Logically speaking, as the value of n increases, for each write operation PPB arbiter has more number of memory modules (n/2) to select from. The PPB arbiter will select the memory modules will the least occupancy, thereby for increasing values of n, PPB arbiter selection policy will start acting and will have a reverse effect on the memory discrepancies (if exists), since it will be able to select the least occupant memory modules out of the lot of n/2 modules.
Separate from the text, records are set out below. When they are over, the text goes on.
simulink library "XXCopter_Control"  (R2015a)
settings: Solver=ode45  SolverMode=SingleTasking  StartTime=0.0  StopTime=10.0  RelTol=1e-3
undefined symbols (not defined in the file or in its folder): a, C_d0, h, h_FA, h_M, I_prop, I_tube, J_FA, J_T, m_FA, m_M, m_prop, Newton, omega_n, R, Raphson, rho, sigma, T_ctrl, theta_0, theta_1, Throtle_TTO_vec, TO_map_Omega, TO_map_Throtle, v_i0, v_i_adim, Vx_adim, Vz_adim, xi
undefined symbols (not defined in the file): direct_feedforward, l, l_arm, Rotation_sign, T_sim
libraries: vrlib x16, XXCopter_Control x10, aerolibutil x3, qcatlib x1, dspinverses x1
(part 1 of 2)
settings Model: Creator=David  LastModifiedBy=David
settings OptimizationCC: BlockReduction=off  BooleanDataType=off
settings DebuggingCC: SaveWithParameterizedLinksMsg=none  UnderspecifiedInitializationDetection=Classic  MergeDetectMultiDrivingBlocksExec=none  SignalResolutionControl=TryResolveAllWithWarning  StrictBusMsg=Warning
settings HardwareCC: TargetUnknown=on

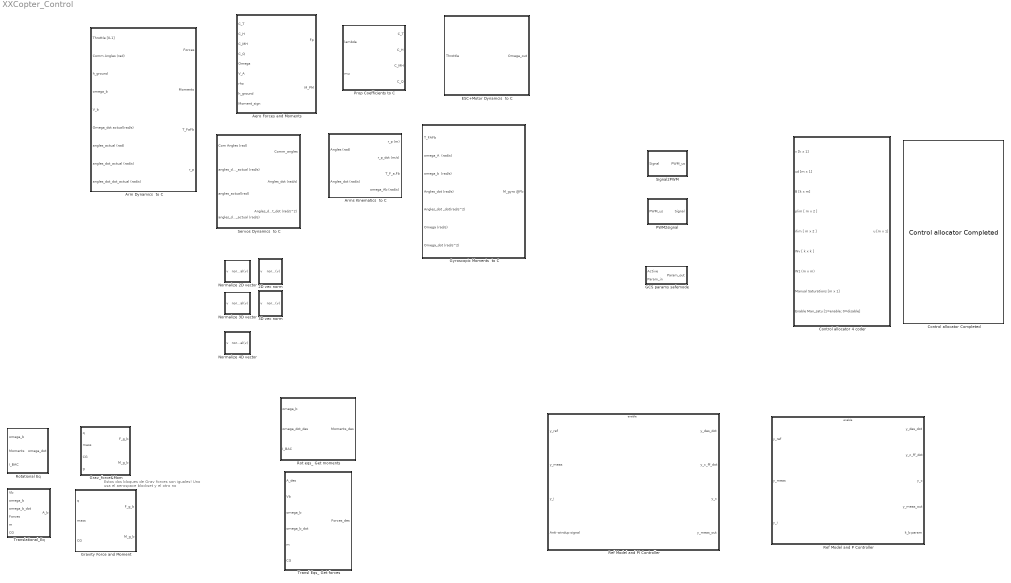
== system XXCopter_Control ==
  note: Estos dos bloques de Grav forces son iguales!
      | Uno usa el aerospace blockset y el otro no
  2D vec norm : Subsystem  TreatAsAtomicUnit=on
  3D vec norm : Subsystem  TreatAsAtomicUnit=on
  "Aero Forces and Moments " : Subsystem  TreatAsAtomicUnit=on
  Arm Dynamics  to C : Subsystem  TreatAsAtomicUnit=on  mask(Arm dynamics, kinematics, forces and moments){Rot_sign=Rotation_sign(1), arm_hub_pos=l*[1;0;0], Arm_axis=[l_arm;0;0], arm_num=1, eta_dir=[1;0;0], gamma_dir=[0;1;0], J_T=J_T, J_FA=J_FA, h=h, switch_val=direct_feedforward, omega_n=35, xi=1.45, eta_inf_lim=deg2rad(-180), eta_sup_lim=deg2rad(180), gamma_inf_lim=deg2rad(-90), gamma_sup_lim=deg2rad(30)}
      mask prompts: Rot_sign "Rotation Sign"; arm_hub_pos "Arm Hub position"; Arm_axis "Arm Hub from servo"; arm_num "Arm number"; eta_dir "eta direcction"; gamma_dir "gamma direction"; J_T "Inertia Motor+prop"; J_FA "Inertia Forearm"; h "h propeller hub"; switch_val "Generation method"; omega_n "Servo natural frequency"; xi "Servo damping"; eta_inf_lim "Pan Servo inf lim (rad)"; eta_sup_lim "Pan Servo sup lim (rad)"; gamma_inf_lim "Tilt Servo inf lim (rad)"; gamma_sup_lim "Tilt servo sup lim  (rad)"
      mask help:
      | This block only accepts arms oriented in x-axis or y-axis: eta and gamma directions can only be [1,0,0] or [0,1,0]
      | Note rotations order is [eta (pan) ,gamma (tilt),0]
      |
      | If Arm number 1 (Forward one)
      | eta_dir=[1,0,0]
      | gamma_dir=[0,1,0]
      |
      | If Arm number 2 or 3 (rear ones)
      | eta_dir=[0,1,0]
      | gamma_dir=[1,0,0]
      mask TypeOptions Rot_sign: Aerodynamics Propeller/Rot_sign | Gyroscopic Moments  to C/Rot_sign
      mask TypeOptions arm_hub_pos: Arms Kinematics  to C/Arm_hub_position
      mask TypeOptions Arm_axis: Gyroscopic Moments  to C/Arm_axis
      mask TypeOptions arm_num: Arms Kinematics  to C/Arm_number
      mask TypeOptions eta_dir: Arms Kinematics  to C/eta_dir | Gyroscopic Moments  to C/eta_dir
      mask TypeOptions gamma_dir: Arms Kinematics  to C/gamma_dir | Gyroscopic Moments  to C/gamma_dir
      mask TypeOptions J_T: Gyroscopic Moments  to C/J_T
      mask TypeOptions J_FA: Gyroscopic Moments  to C/J_FA
      mask TypeOptions h: Arms Kinematics  to C/h_prop
      mask TypeOptions switch_val: Servos Dynamics  to C/switch_val
      mask TypeOptions omega_n: Servos Dynamics  to C/omega_n
      mask TypeOptions xi: Servos Dynamics  to C/xi
      mask TypeOptions eta_inf_lim: Servos Dynamics  to C/eta_inf_lim
      mask TypeOptions eta_sup_lim: Servos Dynamics  to C/eta_sup_lim
      mask TypeOptions gamma_inf_lim: Servos Dynamics  to C/gamma_inf_lim
      mask TypeOptions gamma_sup_lim: Servos Dynamics  to C/gamma_sup_lim
      mask Display:
      | % fprintf(' Arm number %i \n dynamics',arm_num)
      | 
      | 
      | disp(['{\bf \fontsize{16}',sprintf('Arm number\n\n'),num2str(arm_num),sprintf('\n\n Dynamics '),'}'], 'texmode','on');
  Arms Kinematics  to C : Subsystem  TreatAsAtomicUnit=on  mask{Arm_number=1, Arm_hub_position=l*[1;0;0], eta_dir=[1;0;0], gamma_dir=[0;1;0], h_prop=h}
      mask prompts: Arm_number "Arm number (1,2 or 3)"; Arm_hub_position "Arm Hub position"; eta_dir "eta direcction"; gamma_dir "gamma diretion"; h_prop "h of propeller hub"
      mask help:
      | If Arm number 1 (Forward one)
      | eta_dir=[1,0,0]
      | gamma_dir=[0,1,0]
      |
      | If Arm number 2 or 3 (rear ones)
      | eta_dir=[0,1,0]
      | gamma_dir=[1,0,0]
      mask TypeOptions Arm_number: Arm_no/Value
      mask TypeOptions Arm_hub_position: Hub_position/Value
      mask TypeOptions eta_dir: eta_dir/Gain
      mask TypeOptions gamma_dir: gamma_dir/Gain
      mask TypeOptions h_prop: h arm/Value
  Control allocator 4 coder : Subsystem  mask(Control allocator WLS){gamma=1e6, imax=100, T=T_sim}
      mask prompts: gamma "Weight of Control Error Cost (gamma)"; imax "Max # of iterations"; T "Sample Time"
      mask help:
      | Author: David Torres
      | Based on work of Ola Härkegård
  "Control allocator Completed " : qcatlib/Control allocator Completed   alg=WLS  CA_type=QP  iter_max=100  gamma=1  k_B=6  m_B=9  T=T_ctrl  tol=1e-5
  ESC+Motor Dynamcis  to C : Subsystem  TreatAsAtomicUnit=on  VariantControl=Variant_completed
  GCS params safemode : Subsystem  TreatAsAtomicUnit=on
  Grav_force&Mom : Subsystem  TreatAsAtomicUnit=on
  Gravity Force and Moment : MATLAB Function  TreatAsAtomicUnit=on
  Gyroscopic Moments  to C : Subsystem  TreatAsAtomicUnit=on  mask{Arm_axis=[l_arm;0;0], Rot_sign=Rotation_sign(1), eta_dir=[1;0;0], gamma_dir=[0;1;0], J_T=J_T, J_FA=J_FA}
      mask prompts: Arm_axis "Arm axis from Servo origin"; Rot_sign "Rotation sign"; eta_dir "eta direction"; gamma_dir "gamma direction"; J_T "Inertia Motor+Prop"; J_FA "Inertia Foreamr"
      mask TypeOptions Arm_axis: Arm_axis/Value
      mask TypeOptions Rot_sign: Rotation_sign/Value | Rotation_sign1/Value
      mask TypeOptions eta_dir: eta_dir/Gain | eta_dir1/Gain
      mask TypeOptions gamma_dir: gamma_dir/Gain | gamma_dir1/Gain
      mask TypeOptions J_T: Propeller and motor inertia/Value | Propeller and motor inertia1/Value
      mask TypeOptions J_FA: Forearm Inertia/Value | Forearm Inertia1/Value
  Normalize 2D vector : Subsystem  TreatAsAtomicUnit=on
  Normalize 3D vector : Subsystem  TreatAsAtomicUnit=on
  Normalize 4D vector : Subsystem  TreatAsAtomicUnit=on
  PWM2signal : Subsystem  TreatAsAtomicUnit=on  mask{c=2100, a=900, d=1, b=0}
      mask prompts: c "PWM sup limit (us)"; a "PWM inf limit (us)"; d "Signal sup limit"; b "Signal inf limit"
      mask TypeOptions c: up_PWM/Value
      mask TypeOptions a: down_PWM/Value
      mask TypeOptions d: up_signal/Value
      mask TypeOptions b: down_signal/Value
  Prop Coefficients to C : MATLAB Function  TreatAsAtomicUnit=on
  Ref Model and P Controller : Subsystem  mask(Reference Model and Controller){tau=0.2, RisingSlewLimit=4, FallingSlewLimit=-4, K_f=1, K_b=1}
      mask prompts: tau "Desired time constant tau"; RisingSlewLimit "Reference max rising rate"; FallingSlewLimit "Reference max falling rate"; K_f "Rate Feedfordward Gain K_f"; K_b "Proportional Gain K_b"
      mask help:
      | Author: David Torres
      |
      | This block allows a design of the desired dynamics as a 1st order system and the controller of it with P and I actions, with feedforward in rate and anti-windup action.
      |
      |     Inputs: Signal reference, Signal measurement and anti-windup dignal.
      |     Outputs: Desired Signal rate
      |
      | The block shows the expected dynamics assuming the output is integrated with a PERFECT INTEGRATOR or an INTEGRATOR WITH DELAY(delta):
      |      NDI, CA and plant act as a perfect integrator or integrator with a delay delta.
      mask TypeOptions tau: Reference Model/tau
      mask TypeOptions RisingSlewLimit: Rate Limiter/RisingSlewLimit
      mask TypeOptions FallingSlewLimit: Rate Limiter/FallingSlewLimit
      mask TypeOptions K_f: K_f/Gain
      mask TypeOptions K_b: K_b params/Value
      mask Display:
      | K_ref=1/tau;
      | TF = tf([K_ref],[1 K_ref]);
      | 
      | [y,t]=step(TF);
      | S = stepinfo(y,t);
      | 
      | pos = get_param(gcb, 'Position');
      | width = pos(3) - pos(1);
      | height = pos(4) - pos(2);
      | t = t.*width/max(t);
      | y=y.*height/max(y);
      | plot(t,y);
      | S2 = stepinfo(y,t);
      | 
      | if S.Overshoot==0 % 1st order response
      |     text(S2.RiseTime ,height*0.85,['Rise time = ',num2str(S.RiseTime),'s' ]);
      |     text(S2.RiseTime ,height*0.75,['Settling Time = ',num2str(S.SettlingTime)]);
      | 
      | elseif S.Overshoot<0.05 % 2nd order response
      |     text(width*0.5 ,height*0.9,['Rise time = ',num2str(S.RiseTime),'s' ]);
      |     text(width*0.5 ,height*0.8,['Pike time = ',num2str(S.PeakTime),'s' ]);
      |     text(width*0.5 ,height*0.7,['Os = ',num2str(S.Peak)]);
      |     text(width*0.5 ,height*0.6,['SettlingTime = ',num2str(S.SettlingTime)]);
      | else % 2nd order response
      |     text(S2.PeakTime ,S2.Peak*0.85,['Peak time = ',num2str(S.PeakTime),'s' ]);
      |     text(S2.PeakTime ,S2.Peak*0.75,['Os = ',num2str(S.Peak)]);
      |     text(S2.PeakTime ,S2.Peak*0.65,['SettlingTime = ',num2str(S.SettlingTime)]);
      | end
      | 
      | 
      | [num,den] = tfdata(TF);
      | dpoly(num{:},den{:}, 's');
  Ref Model and PI Controller : Subsystem  mask(Reference Model and Controller){delta=0, tau=0.5, RisingSlewLimit=4, FallingSlewLimit=-4, K_f=1, K_a=1, Con_way=auto, omega_n=4, xi=0.5, Z1=-30, K_b=2*0.8*3, f_i=0.25*1/0.8^2, f_c=1}
      mask prompts: delta "Delay on assumed integration: delta (0 for ideal integration)"; tau "Desired time constant tau"; RisingSlewLimit "Reference max rising rate"; FallingSlewLimit "Reference max falling rate"; K_f "Rate Feedfordward Gain"; K_a "Anti-windup gain K_a"; Con_way "Expected response: Controller Design process"; omega_n "Desired 2nd order response omega_n"; xi "Desired 2nd order response  xi"; Z1 "Zero of controller"
      mask help:
      | Author: David Torres
      |
      | This block allows a design of the desired dynamics as a 1st order system and the controller of it with P and I actions, with feedforward in rate and anti-windup action.
      |
      |     Inputs: Signal reference, Signal measurement and anti-windup dignal.
      |     Outputs: Desired Signal rate
      |
      | The block shows the expected dynamics assuming the output is integrated with a PERFECT INTEGRATOR or an INTEGRATOR WITH DELAY(delta):
      |      NDI, CA and plant act as a perfect integrator or integrator with a delay delta.
      mask init:
      | val = get_param(gcb,'MaskValues');
      | K_ref=1/tau;	
      | % Controller design
      | switch lower(val{6})
      |     case 'auto'
      |         K_b=2*xi*omega_n;
      |         f_i=1/(4*xi^2);
      |         if f_i<0.25
      |             f_c = 0.5*(1+sqrt(1-4*f_i));
      |         else
      |             f_c = sqrt(f_i);
      |         end
      |     case 'advanced'
      |         K_b=2*xi*omega_n;
      |         f_i=1/(4*xi^2);
      |         f_c =  -omega_n/(2*xi*Z1);  
      |     case 'pro'
      | end
      mask TypeOptions delta: PI Controller/delta
      mask TypeOptions tau: Reference Model/tau
      mask TypeOptions RisingSlewLimit: Rate Limiter/RisingSlewLimit
      mask TypeOptions FallingSlewLimit: Rate Limiter/FallingSlewLimit
      mask TypeOptions K_f: K_f/Gain
      mask TypeOptions K_a: PI Controller/K_a
      mask TypeOptions Con_way: auto | advanced | pro
      mask Callback Con_way:
      | val = get_param(gcb,'MaskValues');
      | switch lower(val{6})
      |  case 'auto'
      |      set_param(gcb,'MaskVisibilities',{'on','on','on','on','on','on','on','on','off','off','off','off'});
      |  case 'advanced'
      |      set_param(gcb,'MaskVisibilities',{'on','on','on','on','on','on','on','on','on','off','off','off'});
      |  case 'pro'
      |      set_param(gcb,'MaskVisibilities',{'on','on','on','on','on','on','off','off','off','on','on','on'});
      |  end
      mask TypeOptions K_b: PI Controller/K_b
      mask TypeOptions f_i: PI Controller/f_i
      mask TypeOptions f_c: PI Controller/f_c
      mask Display:
      | RM = tf([K_ref],[1 K_ref]);
      | 
      | if delta==0
      |     TF_FF = tf([K_f K_b*f_c K_b*f_i*K_b],[1 K_b f_i*K_b^2]);
      | else
      |     s=tf('s');
      |     TF_FF = 1/(s+delta)*(K_f*s^2+K_b*(f_c*s+f_i*K_b))/(s + 1/(s+delta)*(K_b*s+f_i*K_b^2) );
      | end
      | TF = RM*TF_FF;
      | 
      | [y,t]=step(TF);
      | S = stepinfo(y,t);
      | 
      | pos = get_param(gcb, 'Position');
      | width = pos(3) - pos(1);
      | height = pos(4) - pos(2);
      | t = t.*width/max(t);
      | y=y.*height/max(y);
      | plot(t,y);
      | S2 = stepinfo(y,t);
      | 
      | if S.Overshoot==0 % 1st order response
      |     text(S2.RiseTime ,height*0.85,['Rise time = ',num2str(S.RiseTime),'s' ]);
      |     text(S2.RiseTime ,height*0.75,['Settling Time = ',num2str(S.SettlingTime)]);
      | 
      | elseif S.Overshoot<0.05 % 2nd order response
      |     text(width*0.5 ,height*0.9,['Rise time = ',num2str(S.RiseTime),'s' ]);
      |     text(width*0.5 ,height*0.8,['Pike time = ',num2str(S.PeakTime),'s' ]);
      |     text(width*0.5 ,height*0.7,['Os = ',num2str(S.Peak)]);
      |     text(width*0.5 ,height*0.6,['SettlingTime = ',num2str(S.SettlingTime)]);
      | else % 2nd order response
      |     text(S2.PeakTime ,S2.Peak*0.85,['Peak time = ',num2str(S.PeakTime),'s' ]);
      |     text(S2.PeakTime ,S2.Peak*0.75,['Os = ',num2str(S.Peak)]);
      |     text(S2.PeakTime ,S2.Peak*0.65,['SettlingTime = ',num2str(S.SettlingTime)]);
      | end
      | 
      | text(0.1*width,0.1*height,['EXPECTED CLOSED-LOOP RESPONSE: INTEGRATION DELAY OF ',num2str(delta),'s ']);
      | 
      | [num,den] = tfdata(TF);
      | dpoly(num{:},den{:}, 's');
  Rot eqs_ Get moments : Subsystem  TreatAsAtomicUnit=on
  Rotational Eq : Subsystem  TreatAsAtomicUnit=on
  Servos Dynamics  to C : Subsystem  TreatAsAtomicUnit=on  mask{switch_val=direct_feedforward, omega_n=omega_n, xi=xi, eta_inf_lim=-0.5, eta_sup_lim=0.5, gamma_inf_lim=-0.5, gamma_sup_lim=0.5}
      mask prompts: switch_val "Generation method"; omega_n "Servo natural freq (rad/s) omega_n"; xi "Servo damping xi"; eta_inf_lim "Pan Servo inf lim"; eta_sup_lim "Pan servo sup lim"; gamma_inf_lim "Tilt servo inf lim"; gamma_sup_lim "Tilt servo sup lim"
      mask init:
      | val = get_param(gcb,'MaskValues');
      | switch lower(val{1})
      |  case 'properties_based'
      |      switch_val=0;
      |  case 'direct_feedforward'
      |      switch_val=1;
      | end
      mask TypeOptions switch_val: properties_based | direct_feedforward
      mask Callback switch_val:
      | val = get_param(gcb,'MaskValues');
      | switch lower(val{1})
      |  case 'properties_based'
      |      switch_val=0;
      |  case 'direct_feedforward'
      |      switch_val=1;
      | end
      mask TypeOptions omega_n: omega_n/Value
      mask TypeOptions xi: xi/Value
      mask TypeOptions eta_inf_lim: pan_lim/LowerLimit
      mask TypeOptions eta_sup_lim: pan_lim/UpperLimit
      mask TypeOptions gamma_inf_lim: tilt_lim/LowerLimit
      mask TypeOptions gamma_sup_lim: tilt_lim/UpperLimit
  Signal2PWM : Subsystem  TreatAsAtomicUnit=on  mask{b=1, d=0, a=2100, c=900}
      mask prompts: b "Signal sup limit"; d "Signal inf limit"; a "PWM sup limit (us)"; c "PWM inf limit (us)"
      mask TypeOptions b: up_signal/Value
      mask TypeOptions d: down_signal/Value
      mask TypeOptions a: up_PWM/Value
      mask TypeOptions c: down_PWM/Value
  Transl Eqs_ Get forces : Subsystem  TreatAsAtomicUnit=on
  Translational_Eq : Subsystem  TreatAsAtomicUnit=on

== system XXCopter_Control/2D vec norm ==
  v : Inport
  norm^2rm : Subsystem  TreatAsAtomicUnit=on
  sqrt : Sqrt  AlgorithmType=Newton-Raphson  SaturateOnIntegerOverflow=on
  norm(v) : Outport
  wires:
  sqrt/1 -> norm(v)/1
  norm^2rm/1(norm(v)) -> sqrt/1
  v/1 -> norm^2rm/1(v)

== system XXCopter_Control/3D vec norm ==
  v : Inport
  norm^2rm : Subsystem  TreatAsAtomicUnit=on
  sqrt : Sqrt  AlgorithmType=Newton-Raphson  SaturateOnIntegerOverflow=on
  norm(v) : Outport
  wires:
  v/1 -> norm^2rm/1(v)
  norm^2rm/1(norm(v)) -> sqrt/1
  sqrt/1 -> norm(v)/1

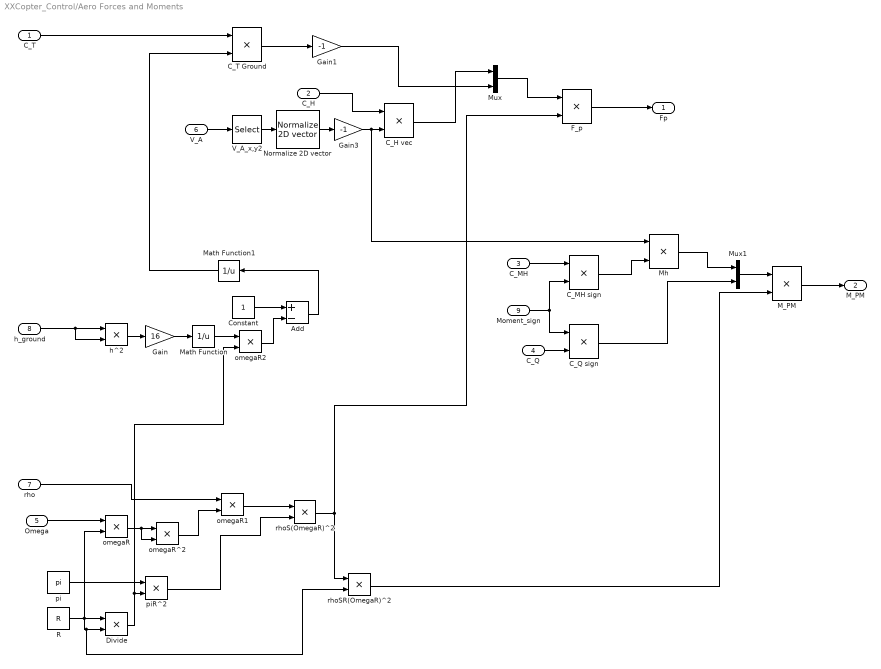
== system XXCopter_Control/Aero Forces and Moments  ==
  C_T : Inport
  C_H : Inport  Port=2
  C_MH : Inport  Port=3
  C_Q : Inport  Port=4
  Omega : Inport  Port=5
  V_A : Inport  Port=6
  rho : Inport  Port=7
  h_ground : Inport  Port=8
  Moment_sign : Inport  Port=9
  Add : Sum  Inputs=+-
  C_H vec : Product  Inputs=**
  C_MH sign : Product  Inputs=**
  C_Q sign : Product  Inputs=**
  C_T Ground : Product  Inputs=**
  Constant : Constant
  Divide : Product  Inputs=**
  F_p : Product  Inputs=**
  Gain : Gain  Gain=16
  Gain1 : Gain  Gain=-1
  Gain3 : Gain  Gain=-1
  M_PM : Product  Inputs=**
  Math Function : Math  Operator=reciprocal  SaturateOnIntegerOverflow=on
  Math Function1 : Math  Operator=reciprocal  SaturateOnIntegerOverflow=on
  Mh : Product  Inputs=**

Choosing the appropriate n
The value of n can be chosen appropriately depending on the following parameters: 1. Bandwidth requirements. 2. Traffic profile (mean and variance of packet size). 3. The available memory technology. As the value of n goes up, the memory bandwidth requirement of a single memory module goes down. Actually each memory is required to support n times lesser bandwidth than the line rate. Thus to achieve very high bandwidth that can't be supported by a logically single memory, there is no option but to use PPB. The value of n can be chosen depending on the buffering bandwidth required and the maximum bandwidth capacity of the memory technology. It also depends on the traffic profiles and the packet sizes. If there is little variation in the packet sizes, then lower values of n will suffice the purpose. For very high fluctuation in the packet sizes, to provide constant and deterministic access times and better utilization of memory buffering space, higher values of n has to be chosen. Also as the n goes up, the data-width of individual memory modules goes down. Their bandwidth requirement also goes down. Thus cheaper memories with narrower data bus and lower bandwidth can be used. The appropriate value of n can be judiciously chosen taking into account all the above parameters.
Conclusion
We have discussed the limitations inherent to a classical logically single memory based buffering architecture. Not only does the PPB introduced here eliminate these limitations, it also has its own advantages to offer over other buffering architectures, which make it an exciting choice for packet buffering at very high speeds. These advantages were brought out in the sample simulation using Bernoulli and bursty traffic. Inherent to the PPB is an architectural flaw, described in terms of the wastage factor, which at an initial glance may prove to be a deterring factor in the PPB's usage. However, it has been shown that for real life traffic patterns occurring at high-speed network device nodes, this factor is reduced to an insignificant value, thereby making the PPB's deployment very conducive.